RECORDED INFORMATION section start

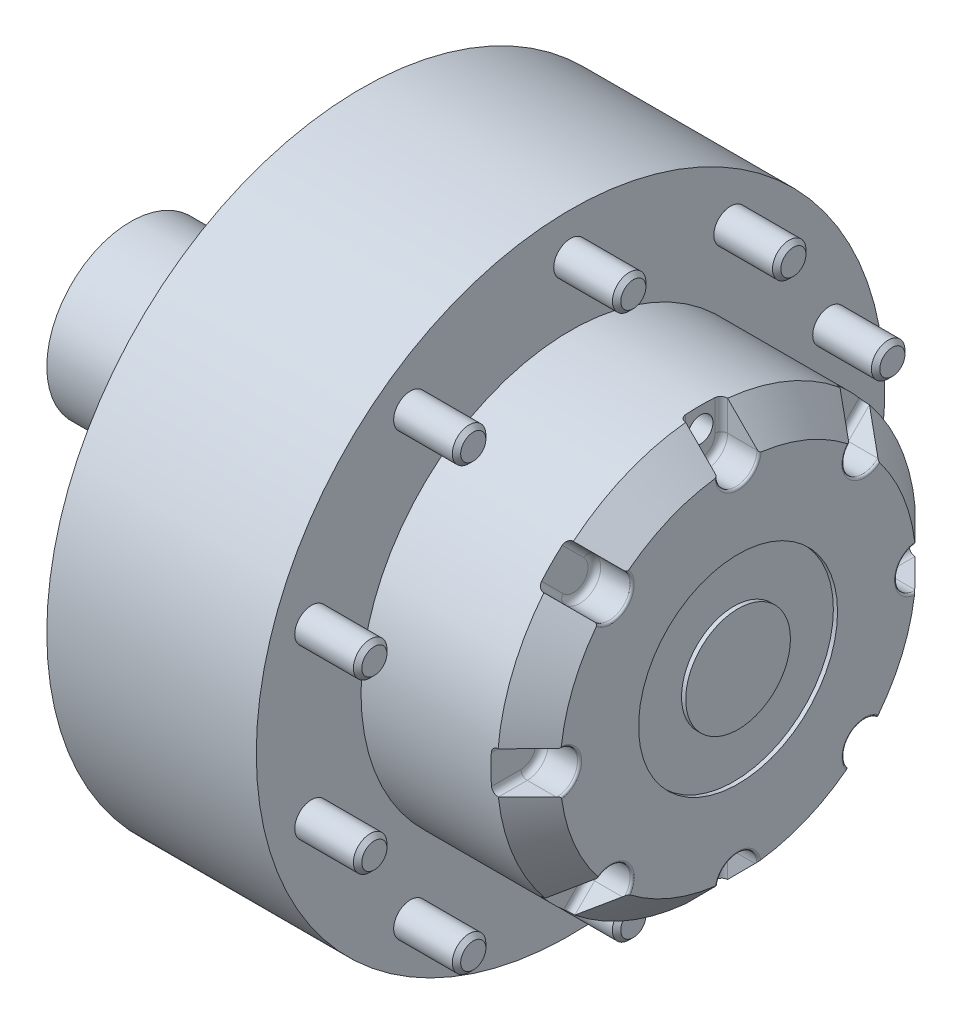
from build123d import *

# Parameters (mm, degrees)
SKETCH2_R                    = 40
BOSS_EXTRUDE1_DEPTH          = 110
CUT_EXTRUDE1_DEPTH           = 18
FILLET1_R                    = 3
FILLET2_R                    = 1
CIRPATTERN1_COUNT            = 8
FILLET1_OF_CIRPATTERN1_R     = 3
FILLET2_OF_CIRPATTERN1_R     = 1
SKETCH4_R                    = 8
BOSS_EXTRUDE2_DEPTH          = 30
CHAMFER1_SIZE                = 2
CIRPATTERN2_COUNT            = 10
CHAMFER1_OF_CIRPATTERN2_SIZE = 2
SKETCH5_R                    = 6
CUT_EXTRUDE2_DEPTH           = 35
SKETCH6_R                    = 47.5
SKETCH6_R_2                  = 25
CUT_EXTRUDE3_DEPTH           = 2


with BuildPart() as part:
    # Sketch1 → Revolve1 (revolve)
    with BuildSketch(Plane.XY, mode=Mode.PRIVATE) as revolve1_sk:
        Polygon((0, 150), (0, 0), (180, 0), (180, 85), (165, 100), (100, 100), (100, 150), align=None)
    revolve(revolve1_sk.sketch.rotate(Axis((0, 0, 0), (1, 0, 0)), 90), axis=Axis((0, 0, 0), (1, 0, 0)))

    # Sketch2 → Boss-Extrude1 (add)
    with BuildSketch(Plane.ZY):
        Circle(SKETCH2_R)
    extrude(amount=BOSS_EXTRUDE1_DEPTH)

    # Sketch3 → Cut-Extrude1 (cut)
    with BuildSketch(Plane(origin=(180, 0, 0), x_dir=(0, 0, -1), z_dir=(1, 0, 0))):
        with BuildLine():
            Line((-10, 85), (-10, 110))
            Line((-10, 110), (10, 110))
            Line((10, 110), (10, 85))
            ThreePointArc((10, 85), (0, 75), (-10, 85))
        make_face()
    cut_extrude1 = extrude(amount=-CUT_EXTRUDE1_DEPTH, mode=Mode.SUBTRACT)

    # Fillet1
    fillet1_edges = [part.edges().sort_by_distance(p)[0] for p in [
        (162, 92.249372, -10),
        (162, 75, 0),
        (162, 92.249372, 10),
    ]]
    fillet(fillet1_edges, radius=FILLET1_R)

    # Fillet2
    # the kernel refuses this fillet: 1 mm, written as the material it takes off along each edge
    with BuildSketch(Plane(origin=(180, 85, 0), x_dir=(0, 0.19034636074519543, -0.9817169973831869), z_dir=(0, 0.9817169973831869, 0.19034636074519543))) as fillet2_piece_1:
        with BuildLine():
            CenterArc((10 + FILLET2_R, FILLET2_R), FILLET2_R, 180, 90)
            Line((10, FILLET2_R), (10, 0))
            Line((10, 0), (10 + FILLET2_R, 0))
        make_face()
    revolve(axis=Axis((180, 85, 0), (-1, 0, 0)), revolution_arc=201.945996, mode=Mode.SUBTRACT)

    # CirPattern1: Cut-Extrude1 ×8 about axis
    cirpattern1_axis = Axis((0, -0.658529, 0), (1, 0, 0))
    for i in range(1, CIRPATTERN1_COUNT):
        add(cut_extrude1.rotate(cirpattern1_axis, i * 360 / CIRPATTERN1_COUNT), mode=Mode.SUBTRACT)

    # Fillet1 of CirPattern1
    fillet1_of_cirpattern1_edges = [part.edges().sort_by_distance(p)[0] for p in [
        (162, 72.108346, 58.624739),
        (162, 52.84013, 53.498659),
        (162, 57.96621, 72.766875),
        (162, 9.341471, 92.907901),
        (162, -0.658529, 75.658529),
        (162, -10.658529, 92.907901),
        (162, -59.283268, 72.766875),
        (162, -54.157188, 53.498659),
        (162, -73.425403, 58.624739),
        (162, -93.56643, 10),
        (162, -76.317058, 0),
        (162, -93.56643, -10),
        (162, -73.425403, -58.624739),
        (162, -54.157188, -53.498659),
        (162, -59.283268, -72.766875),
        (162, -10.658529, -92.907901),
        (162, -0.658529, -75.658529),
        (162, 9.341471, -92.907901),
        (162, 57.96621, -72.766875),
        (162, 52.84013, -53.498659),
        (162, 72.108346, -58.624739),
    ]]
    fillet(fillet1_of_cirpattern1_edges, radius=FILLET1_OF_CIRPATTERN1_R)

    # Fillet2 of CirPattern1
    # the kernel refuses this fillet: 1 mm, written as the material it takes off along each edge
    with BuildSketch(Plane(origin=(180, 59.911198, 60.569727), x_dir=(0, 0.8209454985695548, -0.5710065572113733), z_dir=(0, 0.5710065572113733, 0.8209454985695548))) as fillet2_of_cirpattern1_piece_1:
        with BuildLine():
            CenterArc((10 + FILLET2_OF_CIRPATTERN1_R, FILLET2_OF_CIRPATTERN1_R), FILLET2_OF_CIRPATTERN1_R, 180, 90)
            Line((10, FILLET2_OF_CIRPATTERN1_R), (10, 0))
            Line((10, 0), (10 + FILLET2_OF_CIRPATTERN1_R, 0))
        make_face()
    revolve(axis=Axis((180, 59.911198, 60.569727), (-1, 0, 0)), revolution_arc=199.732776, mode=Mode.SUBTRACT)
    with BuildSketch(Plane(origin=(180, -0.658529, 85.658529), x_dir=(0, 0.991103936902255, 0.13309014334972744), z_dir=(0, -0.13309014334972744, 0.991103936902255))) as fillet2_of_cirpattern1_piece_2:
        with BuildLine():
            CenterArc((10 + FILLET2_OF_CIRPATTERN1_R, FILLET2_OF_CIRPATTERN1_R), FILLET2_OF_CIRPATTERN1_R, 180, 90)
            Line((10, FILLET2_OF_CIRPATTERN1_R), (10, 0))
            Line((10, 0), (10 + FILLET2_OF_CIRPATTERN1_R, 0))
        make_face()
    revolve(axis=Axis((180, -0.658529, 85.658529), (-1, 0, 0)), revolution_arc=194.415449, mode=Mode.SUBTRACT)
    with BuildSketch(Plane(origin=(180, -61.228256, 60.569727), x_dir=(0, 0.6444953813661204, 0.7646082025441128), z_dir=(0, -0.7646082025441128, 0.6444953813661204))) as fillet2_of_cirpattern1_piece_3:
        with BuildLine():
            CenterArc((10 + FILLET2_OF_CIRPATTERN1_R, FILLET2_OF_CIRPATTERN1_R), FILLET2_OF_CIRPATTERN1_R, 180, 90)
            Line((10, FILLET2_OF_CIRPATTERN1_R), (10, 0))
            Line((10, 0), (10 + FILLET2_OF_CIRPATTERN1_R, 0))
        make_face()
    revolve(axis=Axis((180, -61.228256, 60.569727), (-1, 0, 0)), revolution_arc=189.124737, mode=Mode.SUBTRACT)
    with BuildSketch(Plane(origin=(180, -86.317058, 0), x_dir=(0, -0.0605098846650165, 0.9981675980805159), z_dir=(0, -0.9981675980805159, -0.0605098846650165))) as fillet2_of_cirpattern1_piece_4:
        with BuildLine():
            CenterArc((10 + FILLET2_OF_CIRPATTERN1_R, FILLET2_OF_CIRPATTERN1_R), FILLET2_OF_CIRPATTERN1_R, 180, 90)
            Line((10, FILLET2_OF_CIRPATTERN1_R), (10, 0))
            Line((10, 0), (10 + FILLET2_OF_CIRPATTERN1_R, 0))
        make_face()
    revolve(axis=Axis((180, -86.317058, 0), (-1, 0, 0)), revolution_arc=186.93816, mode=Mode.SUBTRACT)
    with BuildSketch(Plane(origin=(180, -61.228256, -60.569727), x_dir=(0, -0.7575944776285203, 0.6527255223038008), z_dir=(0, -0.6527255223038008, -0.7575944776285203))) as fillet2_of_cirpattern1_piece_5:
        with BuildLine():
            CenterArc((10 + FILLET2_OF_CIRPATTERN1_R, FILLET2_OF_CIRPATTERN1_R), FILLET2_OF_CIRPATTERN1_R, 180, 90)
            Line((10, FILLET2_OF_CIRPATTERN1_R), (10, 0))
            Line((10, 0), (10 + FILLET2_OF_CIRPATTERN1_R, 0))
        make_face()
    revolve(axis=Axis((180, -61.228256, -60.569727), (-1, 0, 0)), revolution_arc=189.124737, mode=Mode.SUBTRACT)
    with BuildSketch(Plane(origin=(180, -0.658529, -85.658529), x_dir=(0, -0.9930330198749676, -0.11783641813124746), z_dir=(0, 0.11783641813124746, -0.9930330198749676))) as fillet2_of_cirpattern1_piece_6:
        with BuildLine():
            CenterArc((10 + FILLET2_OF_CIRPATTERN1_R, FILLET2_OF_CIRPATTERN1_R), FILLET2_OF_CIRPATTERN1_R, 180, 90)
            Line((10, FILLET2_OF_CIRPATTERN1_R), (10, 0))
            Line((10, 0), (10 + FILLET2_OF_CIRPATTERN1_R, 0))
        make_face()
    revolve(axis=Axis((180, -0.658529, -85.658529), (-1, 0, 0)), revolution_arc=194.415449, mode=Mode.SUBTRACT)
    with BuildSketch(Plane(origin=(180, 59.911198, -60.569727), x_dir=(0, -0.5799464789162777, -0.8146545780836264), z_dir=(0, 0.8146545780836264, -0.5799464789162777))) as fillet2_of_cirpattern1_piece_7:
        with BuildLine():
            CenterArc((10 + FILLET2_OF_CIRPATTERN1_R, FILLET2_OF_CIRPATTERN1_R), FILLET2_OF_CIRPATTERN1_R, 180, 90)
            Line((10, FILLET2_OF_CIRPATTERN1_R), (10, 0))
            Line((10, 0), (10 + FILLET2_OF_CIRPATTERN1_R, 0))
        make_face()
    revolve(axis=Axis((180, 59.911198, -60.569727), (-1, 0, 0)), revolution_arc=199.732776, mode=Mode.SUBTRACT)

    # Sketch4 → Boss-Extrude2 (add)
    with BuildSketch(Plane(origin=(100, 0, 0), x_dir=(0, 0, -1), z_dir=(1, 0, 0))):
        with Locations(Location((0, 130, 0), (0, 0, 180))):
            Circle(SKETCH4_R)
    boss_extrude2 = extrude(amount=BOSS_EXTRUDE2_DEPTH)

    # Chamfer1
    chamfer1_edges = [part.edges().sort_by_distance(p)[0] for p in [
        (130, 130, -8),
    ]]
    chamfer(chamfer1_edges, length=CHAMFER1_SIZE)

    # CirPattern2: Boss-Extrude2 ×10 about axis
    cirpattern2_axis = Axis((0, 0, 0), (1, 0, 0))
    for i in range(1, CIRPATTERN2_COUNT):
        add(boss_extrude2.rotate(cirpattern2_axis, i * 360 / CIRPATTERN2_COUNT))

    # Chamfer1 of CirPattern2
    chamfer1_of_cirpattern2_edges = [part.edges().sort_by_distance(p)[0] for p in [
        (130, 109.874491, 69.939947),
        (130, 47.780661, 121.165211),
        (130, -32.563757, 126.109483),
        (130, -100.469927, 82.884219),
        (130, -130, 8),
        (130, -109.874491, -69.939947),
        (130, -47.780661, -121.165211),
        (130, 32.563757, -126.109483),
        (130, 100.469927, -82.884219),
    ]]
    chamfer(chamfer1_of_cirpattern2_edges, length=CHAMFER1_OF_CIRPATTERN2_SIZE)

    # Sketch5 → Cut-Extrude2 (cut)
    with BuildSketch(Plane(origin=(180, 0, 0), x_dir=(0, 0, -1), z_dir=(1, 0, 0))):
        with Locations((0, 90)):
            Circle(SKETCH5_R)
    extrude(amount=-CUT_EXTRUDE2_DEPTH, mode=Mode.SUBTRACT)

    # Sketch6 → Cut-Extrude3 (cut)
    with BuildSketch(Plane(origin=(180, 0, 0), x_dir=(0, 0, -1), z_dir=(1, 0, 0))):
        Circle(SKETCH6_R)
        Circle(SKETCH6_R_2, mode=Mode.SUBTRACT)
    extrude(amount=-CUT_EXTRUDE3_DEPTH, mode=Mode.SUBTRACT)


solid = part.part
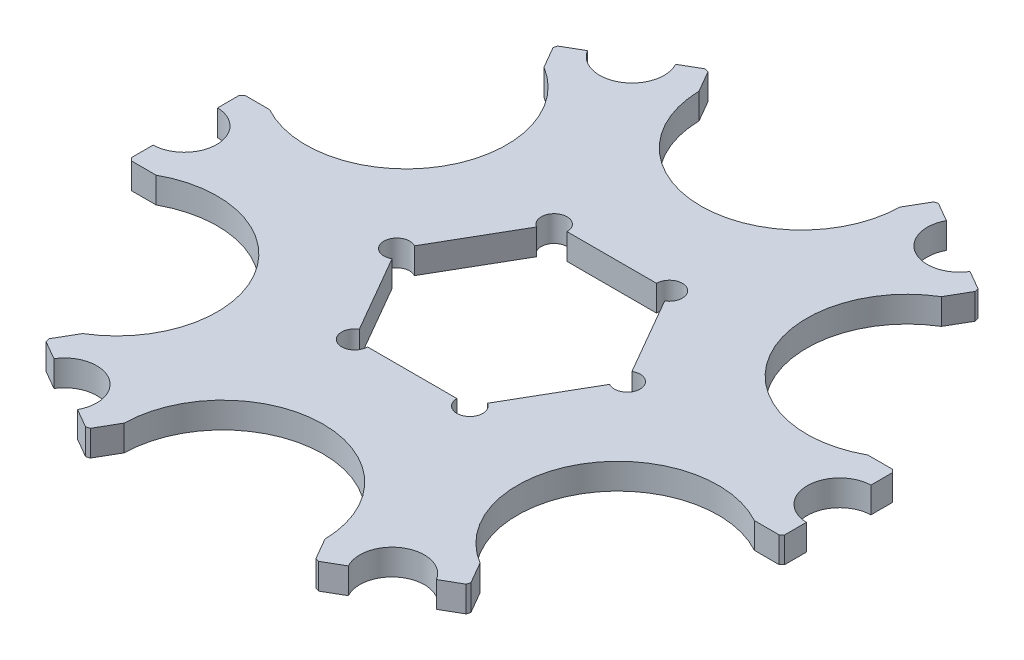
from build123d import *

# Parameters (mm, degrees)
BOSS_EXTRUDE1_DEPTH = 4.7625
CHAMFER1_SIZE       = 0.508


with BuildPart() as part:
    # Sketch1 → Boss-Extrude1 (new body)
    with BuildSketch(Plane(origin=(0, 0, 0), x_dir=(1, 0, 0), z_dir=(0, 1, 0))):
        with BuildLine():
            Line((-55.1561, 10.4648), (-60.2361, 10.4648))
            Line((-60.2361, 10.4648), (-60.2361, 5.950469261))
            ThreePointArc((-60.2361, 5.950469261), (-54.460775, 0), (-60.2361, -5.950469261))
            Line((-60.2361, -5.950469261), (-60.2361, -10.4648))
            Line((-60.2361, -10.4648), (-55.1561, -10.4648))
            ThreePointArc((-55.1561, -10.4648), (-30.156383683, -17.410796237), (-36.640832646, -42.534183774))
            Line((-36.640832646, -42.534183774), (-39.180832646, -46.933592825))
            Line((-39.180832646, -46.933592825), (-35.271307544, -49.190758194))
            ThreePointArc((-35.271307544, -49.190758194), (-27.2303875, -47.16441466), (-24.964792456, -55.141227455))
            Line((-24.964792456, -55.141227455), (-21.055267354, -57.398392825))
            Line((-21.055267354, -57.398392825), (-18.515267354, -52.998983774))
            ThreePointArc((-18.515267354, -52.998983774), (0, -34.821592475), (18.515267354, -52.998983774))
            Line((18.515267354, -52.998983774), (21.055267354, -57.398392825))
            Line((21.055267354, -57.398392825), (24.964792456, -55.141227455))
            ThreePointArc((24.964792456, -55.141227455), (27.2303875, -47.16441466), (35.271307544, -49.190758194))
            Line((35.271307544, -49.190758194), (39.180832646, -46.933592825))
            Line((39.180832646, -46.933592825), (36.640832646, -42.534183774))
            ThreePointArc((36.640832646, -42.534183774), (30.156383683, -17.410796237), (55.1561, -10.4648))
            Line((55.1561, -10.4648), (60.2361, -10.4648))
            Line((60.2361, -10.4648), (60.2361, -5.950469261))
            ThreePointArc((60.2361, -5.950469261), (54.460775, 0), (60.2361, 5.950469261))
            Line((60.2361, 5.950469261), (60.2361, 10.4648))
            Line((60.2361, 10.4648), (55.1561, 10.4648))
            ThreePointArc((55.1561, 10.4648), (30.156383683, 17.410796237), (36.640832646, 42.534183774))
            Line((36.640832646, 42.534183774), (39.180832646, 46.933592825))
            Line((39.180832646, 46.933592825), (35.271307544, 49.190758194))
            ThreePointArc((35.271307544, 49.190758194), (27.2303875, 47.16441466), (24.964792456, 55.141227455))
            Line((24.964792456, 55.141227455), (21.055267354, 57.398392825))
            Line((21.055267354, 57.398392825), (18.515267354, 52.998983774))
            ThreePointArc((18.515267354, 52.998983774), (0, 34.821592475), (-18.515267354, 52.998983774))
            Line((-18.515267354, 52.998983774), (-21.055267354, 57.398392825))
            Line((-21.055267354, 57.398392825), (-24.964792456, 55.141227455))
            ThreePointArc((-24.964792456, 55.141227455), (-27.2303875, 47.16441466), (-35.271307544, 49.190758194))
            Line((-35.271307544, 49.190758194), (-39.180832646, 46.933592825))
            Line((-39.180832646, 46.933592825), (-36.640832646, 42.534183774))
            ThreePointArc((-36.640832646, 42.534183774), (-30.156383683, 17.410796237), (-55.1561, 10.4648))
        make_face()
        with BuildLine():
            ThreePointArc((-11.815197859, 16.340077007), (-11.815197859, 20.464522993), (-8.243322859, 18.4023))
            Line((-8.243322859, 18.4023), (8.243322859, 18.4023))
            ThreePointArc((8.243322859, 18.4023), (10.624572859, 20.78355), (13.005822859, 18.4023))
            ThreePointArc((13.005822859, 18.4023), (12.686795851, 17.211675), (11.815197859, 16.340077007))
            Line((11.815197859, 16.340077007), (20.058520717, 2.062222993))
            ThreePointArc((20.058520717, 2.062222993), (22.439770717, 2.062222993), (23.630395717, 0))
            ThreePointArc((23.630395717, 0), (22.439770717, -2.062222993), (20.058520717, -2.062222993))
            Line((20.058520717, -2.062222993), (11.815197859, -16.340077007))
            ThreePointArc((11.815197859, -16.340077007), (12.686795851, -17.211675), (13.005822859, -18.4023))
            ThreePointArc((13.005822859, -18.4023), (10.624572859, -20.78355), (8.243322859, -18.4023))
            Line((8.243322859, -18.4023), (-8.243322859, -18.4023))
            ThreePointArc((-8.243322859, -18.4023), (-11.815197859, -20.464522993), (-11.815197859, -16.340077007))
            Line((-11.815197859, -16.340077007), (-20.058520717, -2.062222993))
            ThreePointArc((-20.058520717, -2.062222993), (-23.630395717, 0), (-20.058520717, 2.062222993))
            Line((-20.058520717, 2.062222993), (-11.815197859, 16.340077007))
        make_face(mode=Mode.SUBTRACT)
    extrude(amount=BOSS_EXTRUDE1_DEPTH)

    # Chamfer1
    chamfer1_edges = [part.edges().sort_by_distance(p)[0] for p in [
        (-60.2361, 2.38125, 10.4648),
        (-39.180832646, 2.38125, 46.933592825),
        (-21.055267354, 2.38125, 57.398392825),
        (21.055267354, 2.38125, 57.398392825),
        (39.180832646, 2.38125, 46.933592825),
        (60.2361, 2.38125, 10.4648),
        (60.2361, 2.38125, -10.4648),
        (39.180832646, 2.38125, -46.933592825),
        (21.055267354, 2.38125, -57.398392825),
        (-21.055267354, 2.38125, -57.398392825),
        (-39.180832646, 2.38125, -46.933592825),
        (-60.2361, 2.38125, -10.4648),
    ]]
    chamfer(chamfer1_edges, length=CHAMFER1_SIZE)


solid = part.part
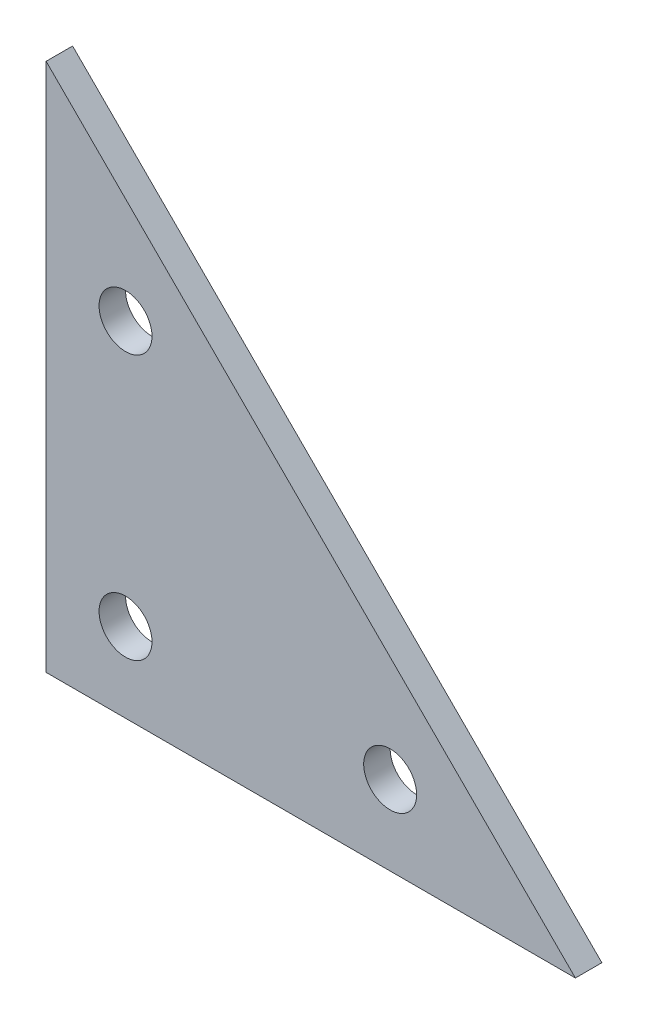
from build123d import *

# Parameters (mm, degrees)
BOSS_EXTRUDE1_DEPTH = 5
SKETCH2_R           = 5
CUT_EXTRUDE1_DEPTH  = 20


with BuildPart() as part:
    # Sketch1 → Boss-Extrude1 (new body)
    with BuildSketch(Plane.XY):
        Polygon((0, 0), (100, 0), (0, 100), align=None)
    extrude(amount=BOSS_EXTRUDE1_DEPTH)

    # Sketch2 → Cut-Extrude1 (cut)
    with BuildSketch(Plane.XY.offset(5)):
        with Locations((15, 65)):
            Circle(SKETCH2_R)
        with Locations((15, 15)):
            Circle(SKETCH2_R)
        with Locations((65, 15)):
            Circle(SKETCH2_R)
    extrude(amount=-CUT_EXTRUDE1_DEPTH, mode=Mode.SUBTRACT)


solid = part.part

RECORDED INFORMATION section end

▶ _TASK TO COMPLETE_
Select every line of the records holding the string "about".

▶ _COMPLETED EXERCISE_
    # CirPattern1: Cut-Extrude1 ×8 about axis
    # CirPattern2: Boss-Extrude2 ×10 about axis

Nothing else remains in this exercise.